No longer. These days, India's best and brightest tech minds need move no farther than Bangalore, where they can do cutting-edge work for the rapidly expanding labs of Intel, Texas Instruments, Hewlett-Packard, and other tech giants. India has some 7,500 chip designers working for 65 companies, and their ranks are swelling by 20% a year. Their pay, starting at $8,000 to $10,000 annually, may be a pittance compared with what's available in Silicon Valley. But in India, it's enough to enjoy a comfortable, fulfilling life.

Ask Dharin Shah. Tall, rail-thin, and with intense dark eyes, 26-year-old Shah sees his $10,000-a-year job at Texas Instruments Inc. as the fulfillment of a childhood dream. The son of a Gujarat government bank employee, Shah graduated near the top of his class at Bangalore's prestigious Indian Institute of Science, where he earned a master's in instrumentation engineering. Today, Shah is making a name for himself as a member of a 15-engineer team designing custom chips for next-generation cell phones and telecom routers and switches, a core TI business. "He has depth, innovates, and solves problems that sometimes even senior folks in Dallas [TI's headquarters] miss," says his project manager, R. Harinath.
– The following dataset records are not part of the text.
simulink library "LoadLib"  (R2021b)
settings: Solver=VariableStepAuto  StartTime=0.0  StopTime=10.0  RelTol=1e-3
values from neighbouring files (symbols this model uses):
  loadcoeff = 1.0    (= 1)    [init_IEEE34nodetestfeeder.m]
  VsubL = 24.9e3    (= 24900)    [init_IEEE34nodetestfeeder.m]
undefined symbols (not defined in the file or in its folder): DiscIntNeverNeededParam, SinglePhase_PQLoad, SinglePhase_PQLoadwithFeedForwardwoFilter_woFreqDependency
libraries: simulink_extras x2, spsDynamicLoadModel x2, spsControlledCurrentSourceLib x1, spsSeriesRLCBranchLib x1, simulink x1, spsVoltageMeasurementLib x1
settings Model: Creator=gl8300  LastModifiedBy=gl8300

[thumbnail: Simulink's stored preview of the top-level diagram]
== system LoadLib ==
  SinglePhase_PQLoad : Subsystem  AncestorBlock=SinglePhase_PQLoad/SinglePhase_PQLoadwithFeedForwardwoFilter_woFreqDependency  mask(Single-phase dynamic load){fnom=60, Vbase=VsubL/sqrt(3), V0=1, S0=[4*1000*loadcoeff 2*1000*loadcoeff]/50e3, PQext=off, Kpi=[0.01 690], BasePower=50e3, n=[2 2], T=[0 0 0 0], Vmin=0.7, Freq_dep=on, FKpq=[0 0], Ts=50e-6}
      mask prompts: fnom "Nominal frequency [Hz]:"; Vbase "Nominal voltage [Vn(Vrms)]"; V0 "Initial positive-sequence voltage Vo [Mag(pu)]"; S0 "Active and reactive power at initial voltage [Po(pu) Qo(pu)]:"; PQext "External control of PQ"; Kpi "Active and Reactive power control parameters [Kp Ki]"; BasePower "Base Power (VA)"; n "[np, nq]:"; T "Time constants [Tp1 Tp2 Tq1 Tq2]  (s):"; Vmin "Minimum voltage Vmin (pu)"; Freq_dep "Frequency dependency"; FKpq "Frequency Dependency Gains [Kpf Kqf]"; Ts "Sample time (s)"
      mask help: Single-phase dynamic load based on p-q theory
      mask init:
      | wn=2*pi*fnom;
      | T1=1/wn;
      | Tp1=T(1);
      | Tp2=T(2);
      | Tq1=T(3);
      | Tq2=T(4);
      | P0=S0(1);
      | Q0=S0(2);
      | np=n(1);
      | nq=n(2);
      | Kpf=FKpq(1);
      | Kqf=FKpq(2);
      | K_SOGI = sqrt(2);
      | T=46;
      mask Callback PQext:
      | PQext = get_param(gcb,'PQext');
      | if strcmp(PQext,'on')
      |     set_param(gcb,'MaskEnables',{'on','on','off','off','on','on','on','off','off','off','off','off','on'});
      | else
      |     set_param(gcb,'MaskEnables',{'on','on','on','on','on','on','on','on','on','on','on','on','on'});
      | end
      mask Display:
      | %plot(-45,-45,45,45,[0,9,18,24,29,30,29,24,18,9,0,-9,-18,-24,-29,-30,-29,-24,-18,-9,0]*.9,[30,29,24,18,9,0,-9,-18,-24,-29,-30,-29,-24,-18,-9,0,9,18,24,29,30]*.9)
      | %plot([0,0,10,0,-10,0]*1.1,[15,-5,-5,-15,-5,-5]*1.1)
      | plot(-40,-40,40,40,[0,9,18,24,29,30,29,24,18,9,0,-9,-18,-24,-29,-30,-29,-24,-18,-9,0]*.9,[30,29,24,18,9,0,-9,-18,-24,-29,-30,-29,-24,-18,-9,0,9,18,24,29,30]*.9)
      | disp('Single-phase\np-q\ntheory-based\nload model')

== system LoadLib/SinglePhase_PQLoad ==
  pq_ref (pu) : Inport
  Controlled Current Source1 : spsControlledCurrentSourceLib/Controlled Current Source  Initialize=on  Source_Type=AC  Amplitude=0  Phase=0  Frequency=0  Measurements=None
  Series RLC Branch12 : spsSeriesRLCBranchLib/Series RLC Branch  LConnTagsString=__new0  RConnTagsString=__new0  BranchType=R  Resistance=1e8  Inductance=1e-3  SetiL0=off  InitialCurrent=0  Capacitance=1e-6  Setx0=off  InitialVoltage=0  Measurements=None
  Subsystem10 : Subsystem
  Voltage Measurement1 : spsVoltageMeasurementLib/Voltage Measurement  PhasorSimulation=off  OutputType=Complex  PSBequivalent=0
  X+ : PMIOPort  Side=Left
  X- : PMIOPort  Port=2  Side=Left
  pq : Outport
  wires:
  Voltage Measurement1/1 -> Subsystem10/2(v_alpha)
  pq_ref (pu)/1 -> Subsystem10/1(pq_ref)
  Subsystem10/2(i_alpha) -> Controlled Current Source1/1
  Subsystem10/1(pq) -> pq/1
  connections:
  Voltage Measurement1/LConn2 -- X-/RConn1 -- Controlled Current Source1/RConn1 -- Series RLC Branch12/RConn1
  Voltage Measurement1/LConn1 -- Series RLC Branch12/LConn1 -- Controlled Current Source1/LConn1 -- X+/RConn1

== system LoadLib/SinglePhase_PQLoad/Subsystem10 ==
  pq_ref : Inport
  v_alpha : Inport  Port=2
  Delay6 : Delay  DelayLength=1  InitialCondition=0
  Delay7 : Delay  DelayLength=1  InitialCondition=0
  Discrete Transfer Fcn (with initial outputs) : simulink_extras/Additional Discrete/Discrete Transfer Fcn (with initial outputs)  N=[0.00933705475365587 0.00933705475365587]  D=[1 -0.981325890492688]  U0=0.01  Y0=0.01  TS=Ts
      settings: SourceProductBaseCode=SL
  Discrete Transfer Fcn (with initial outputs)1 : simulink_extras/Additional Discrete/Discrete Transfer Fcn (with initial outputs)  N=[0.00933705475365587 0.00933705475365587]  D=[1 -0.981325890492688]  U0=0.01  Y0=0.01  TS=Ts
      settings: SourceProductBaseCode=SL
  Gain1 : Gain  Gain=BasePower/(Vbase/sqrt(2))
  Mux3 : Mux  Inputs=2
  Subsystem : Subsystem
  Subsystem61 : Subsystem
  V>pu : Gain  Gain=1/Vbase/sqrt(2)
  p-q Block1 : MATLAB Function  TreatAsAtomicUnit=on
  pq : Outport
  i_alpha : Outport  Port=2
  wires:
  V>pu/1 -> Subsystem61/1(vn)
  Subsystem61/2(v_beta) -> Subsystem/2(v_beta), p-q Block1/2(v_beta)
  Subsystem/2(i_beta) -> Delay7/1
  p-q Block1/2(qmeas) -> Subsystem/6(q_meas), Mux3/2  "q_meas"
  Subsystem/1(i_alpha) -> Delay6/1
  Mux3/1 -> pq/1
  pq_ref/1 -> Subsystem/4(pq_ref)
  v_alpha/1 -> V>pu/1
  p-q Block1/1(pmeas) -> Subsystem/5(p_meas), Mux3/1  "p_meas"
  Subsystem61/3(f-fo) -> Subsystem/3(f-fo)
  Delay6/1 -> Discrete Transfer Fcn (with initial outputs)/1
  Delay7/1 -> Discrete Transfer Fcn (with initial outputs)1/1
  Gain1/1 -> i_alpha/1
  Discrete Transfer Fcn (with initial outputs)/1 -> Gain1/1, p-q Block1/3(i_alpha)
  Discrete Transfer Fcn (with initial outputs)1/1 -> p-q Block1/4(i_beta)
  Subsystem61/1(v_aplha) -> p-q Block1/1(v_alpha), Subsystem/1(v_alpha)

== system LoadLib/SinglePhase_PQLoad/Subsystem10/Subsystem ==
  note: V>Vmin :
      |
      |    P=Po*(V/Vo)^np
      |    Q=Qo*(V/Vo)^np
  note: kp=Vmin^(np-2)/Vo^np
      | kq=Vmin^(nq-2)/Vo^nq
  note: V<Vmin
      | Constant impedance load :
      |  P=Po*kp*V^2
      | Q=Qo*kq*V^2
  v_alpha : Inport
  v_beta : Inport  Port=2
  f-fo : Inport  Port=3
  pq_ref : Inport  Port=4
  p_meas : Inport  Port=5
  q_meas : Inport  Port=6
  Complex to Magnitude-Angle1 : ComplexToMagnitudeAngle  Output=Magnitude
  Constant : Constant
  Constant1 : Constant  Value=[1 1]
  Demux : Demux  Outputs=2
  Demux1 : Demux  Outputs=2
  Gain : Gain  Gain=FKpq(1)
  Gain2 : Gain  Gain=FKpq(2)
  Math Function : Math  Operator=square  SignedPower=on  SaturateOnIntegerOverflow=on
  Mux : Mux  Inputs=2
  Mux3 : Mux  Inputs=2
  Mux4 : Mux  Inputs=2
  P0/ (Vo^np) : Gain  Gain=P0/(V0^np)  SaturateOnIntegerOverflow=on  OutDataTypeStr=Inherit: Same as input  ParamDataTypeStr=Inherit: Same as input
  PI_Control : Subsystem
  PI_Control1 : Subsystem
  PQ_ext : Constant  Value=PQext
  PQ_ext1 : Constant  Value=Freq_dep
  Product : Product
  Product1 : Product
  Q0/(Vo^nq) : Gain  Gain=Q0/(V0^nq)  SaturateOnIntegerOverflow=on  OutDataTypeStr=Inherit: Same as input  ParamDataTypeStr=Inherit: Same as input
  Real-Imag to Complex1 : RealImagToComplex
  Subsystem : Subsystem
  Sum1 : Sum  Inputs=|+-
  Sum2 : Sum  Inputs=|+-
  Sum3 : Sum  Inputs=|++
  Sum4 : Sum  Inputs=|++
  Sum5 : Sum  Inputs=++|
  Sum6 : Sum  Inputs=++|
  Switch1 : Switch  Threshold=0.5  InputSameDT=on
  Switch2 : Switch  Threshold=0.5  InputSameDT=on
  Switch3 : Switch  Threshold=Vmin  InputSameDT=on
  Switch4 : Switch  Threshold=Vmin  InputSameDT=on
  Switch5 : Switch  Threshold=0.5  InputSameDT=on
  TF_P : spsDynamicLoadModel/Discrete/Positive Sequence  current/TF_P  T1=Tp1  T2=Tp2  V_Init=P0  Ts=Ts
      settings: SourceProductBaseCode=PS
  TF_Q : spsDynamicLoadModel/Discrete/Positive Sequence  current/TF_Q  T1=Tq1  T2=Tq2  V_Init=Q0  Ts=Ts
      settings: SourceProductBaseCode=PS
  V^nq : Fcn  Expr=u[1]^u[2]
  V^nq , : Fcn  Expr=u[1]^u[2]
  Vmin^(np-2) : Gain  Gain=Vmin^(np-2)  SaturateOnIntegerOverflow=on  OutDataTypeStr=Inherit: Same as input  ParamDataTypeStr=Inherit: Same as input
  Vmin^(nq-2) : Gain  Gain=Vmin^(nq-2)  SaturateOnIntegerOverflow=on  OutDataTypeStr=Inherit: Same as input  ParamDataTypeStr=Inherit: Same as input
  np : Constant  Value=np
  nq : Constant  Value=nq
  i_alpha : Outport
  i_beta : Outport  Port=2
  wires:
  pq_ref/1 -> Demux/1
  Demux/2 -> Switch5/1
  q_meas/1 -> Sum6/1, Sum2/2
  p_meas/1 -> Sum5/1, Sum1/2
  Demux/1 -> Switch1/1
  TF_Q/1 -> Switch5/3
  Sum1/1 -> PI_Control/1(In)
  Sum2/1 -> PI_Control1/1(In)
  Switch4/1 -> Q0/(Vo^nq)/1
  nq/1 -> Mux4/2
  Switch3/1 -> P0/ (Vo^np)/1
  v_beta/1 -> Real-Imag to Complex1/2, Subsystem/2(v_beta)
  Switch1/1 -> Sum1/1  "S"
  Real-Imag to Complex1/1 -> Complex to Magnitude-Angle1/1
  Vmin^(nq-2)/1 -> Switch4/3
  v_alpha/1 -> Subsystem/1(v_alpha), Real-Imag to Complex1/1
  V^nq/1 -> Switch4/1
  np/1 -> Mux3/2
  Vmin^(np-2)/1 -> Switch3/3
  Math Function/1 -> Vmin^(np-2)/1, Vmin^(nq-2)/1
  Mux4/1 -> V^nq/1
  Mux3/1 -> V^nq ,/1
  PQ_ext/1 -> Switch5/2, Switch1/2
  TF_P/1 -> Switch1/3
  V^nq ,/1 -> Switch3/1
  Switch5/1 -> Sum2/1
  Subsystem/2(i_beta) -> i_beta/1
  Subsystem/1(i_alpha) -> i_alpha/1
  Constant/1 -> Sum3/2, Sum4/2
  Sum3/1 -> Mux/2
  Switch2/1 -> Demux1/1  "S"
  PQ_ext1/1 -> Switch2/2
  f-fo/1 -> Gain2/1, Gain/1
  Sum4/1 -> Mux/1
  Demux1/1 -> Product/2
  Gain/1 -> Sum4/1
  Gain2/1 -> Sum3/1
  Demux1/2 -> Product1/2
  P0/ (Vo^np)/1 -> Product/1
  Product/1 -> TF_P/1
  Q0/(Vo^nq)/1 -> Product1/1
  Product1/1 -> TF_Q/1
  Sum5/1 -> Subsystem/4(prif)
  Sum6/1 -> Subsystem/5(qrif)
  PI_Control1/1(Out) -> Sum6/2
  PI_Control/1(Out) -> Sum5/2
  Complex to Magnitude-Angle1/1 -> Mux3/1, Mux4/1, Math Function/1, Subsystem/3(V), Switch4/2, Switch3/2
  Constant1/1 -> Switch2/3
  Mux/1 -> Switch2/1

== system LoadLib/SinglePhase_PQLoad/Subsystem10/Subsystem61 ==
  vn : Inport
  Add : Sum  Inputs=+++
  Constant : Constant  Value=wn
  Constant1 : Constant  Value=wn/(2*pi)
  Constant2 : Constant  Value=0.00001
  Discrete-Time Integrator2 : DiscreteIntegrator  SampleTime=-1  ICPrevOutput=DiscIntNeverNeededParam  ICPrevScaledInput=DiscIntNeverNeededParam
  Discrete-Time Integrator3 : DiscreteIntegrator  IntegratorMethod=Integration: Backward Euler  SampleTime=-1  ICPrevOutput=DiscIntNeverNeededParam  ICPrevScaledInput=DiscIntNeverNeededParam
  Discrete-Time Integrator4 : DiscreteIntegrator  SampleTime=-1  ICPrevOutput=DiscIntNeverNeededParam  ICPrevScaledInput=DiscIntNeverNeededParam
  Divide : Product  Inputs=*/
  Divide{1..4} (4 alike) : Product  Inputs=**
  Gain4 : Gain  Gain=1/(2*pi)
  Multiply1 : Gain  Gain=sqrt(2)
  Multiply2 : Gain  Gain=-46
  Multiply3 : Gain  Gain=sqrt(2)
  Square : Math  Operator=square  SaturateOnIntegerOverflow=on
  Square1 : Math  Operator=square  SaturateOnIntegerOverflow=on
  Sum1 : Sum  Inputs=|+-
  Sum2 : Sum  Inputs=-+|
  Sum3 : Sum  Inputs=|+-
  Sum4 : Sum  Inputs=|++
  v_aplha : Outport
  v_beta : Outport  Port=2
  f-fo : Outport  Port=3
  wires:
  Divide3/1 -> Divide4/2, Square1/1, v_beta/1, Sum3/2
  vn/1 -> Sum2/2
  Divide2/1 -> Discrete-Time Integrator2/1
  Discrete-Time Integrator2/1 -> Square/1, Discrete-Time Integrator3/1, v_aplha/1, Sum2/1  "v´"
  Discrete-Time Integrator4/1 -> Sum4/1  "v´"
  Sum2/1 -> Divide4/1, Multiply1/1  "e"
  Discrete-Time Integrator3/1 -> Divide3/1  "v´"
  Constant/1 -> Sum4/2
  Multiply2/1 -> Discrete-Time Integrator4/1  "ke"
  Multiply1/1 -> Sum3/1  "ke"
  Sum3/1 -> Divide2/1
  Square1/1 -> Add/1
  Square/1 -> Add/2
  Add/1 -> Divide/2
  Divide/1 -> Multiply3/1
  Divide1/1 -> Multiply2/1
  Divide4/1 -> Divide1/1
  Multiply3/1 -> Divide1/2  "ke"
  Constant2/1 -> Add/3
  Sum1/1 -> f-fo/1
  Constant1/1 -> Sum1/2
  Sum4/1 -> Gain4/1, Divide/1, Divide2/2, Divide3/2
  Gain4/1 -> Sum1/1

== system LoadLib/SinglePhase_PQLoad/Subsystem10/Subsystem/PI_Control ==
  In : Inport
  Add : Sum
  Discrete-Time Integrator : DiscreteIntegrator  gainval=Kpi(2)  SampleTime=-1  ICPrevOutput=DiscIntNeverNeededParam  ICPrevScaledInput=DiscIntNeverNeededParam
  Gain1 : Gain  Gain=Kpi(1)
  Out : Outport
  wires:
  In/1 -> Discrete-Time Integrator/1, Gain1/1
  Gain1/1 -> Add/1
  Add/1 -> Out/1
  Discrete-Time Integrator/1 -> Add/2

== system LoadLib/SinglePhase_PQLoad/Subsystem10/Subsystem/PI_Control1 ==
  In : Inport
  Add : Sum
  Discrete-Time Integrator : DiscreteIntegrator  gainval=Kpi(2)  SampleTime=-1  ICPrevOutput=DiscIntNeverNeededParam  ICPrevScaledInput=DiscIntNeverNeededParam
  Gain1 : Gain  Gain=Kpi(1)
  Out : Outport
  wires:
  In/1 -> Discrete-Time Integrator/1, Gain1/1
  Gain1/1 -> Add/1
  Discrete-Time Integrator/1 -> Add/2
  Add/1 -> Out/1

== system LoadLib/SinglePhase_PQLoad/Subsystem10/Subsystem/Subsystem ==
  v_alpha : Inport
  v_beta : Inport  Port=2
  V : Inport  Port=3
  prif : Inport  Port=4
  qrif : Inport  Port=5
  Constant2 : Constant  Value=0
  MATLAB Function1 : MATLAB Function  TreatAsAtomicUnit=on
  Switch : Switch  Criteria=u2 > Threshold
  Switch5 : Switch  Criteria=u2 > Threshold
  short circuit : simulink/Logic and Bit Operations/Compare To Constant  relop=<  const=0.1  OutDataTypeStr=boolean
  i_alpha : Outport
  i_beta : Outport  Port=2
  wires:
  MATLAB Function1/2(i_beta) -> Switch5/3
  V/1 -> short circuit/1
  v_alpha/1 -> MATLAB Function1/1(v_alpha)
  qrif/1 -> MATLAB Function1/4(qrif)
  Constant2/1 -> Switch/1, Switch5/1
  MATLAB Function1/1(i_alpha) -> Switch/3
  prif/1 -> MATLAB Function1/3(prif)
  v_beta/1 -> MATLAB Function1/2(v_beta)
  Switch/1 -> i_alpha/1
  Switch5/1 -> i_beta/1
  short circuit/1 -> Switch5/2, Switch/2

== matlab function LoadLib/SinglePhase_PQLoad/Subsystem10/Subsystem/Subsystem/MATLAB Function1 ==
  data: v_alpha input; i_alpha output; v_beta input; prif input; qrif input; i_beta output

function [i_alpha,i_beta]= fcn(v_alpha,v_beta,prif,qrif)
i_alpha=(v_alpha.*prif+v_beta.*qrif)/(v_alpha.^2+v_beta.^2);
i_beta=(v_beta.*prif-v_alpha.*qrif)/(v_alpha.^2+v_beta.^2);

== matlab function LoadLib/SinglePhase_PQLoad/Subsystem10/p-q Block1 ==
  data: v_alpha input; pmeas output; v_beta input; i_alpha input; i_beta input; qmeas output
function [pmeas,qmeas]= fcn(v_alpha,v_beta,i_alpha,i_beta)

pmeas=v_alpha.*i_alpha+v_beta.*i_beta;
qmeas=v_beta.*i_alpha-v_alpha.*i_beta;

His position and his salary place Shah well within India's upwardly mobile middle class. With a moped and an apartment in a decent building, "I don't feel the need" to move to the U.S., says Shah. On weekends, he indulges his passions for cycling and bird-watching in the lush woods near Bangalore and volunteers as a mathematics and science teacher at a home for girls from poor families. "The opportunity is here in India, and I need to contribute to society," he says.

These days, India has legions of talented engineers who, like Shah, are willing to forsake the glamour and financial gratification of Silicon Valley to stay close to home. That's a big reason why Indian cities such as Bangalore seem destined to emerge as the hottest innovation zones of the 21st century. And chip companies aren't the only ones recruiting Indian talent. Microsoft Corp., for example, is hiring 10 software engineers like Gaurav Daga every month. Daga, 22, develops software for Microsoft from a teak-paneled, air-conditioned office in Hyderabad--a far cry from the dilapidated industrial area in Madras where his father works as a metals trader. "Microsoft was my first, second, and third choice" for a job, Daga says.

The shift is chipping away at India's conservative mind-set. While some parents object to their daughters entering the male-dominated engineering world, for example, others embrace the opportunity it gives them. Sindhu Kumar, 25, one of only 20 women in her college engineering class of 400, is already a project leader at Wipro Technologies, fast emerging as one of the world's top contract engineering houses for Western electronics companies. Her current task: speeding up and improving the print quality of Hewlett-Packard Co.'s inkjet printers. Kumar's opportunities far exceed those available to her father, an engineer who could only land a job as a civil servant in Uttar Pradesh. Soon, she plans to buy a car for her parents "to give something back to them, finally, for all the support they gave me."

Almost without exception, India's young engineers want to give something back--both to their families and to their country. "There's a lot of idealism among these young Indians," says Rukmini Bhaya Nair, a professor of humanities at the Indian Institute of Technology in New Delhi. They're "the new magicians for India." If engineers and young professionals like Shah and Kumar continue to work their magic, the biggest payback may well be the development of their country.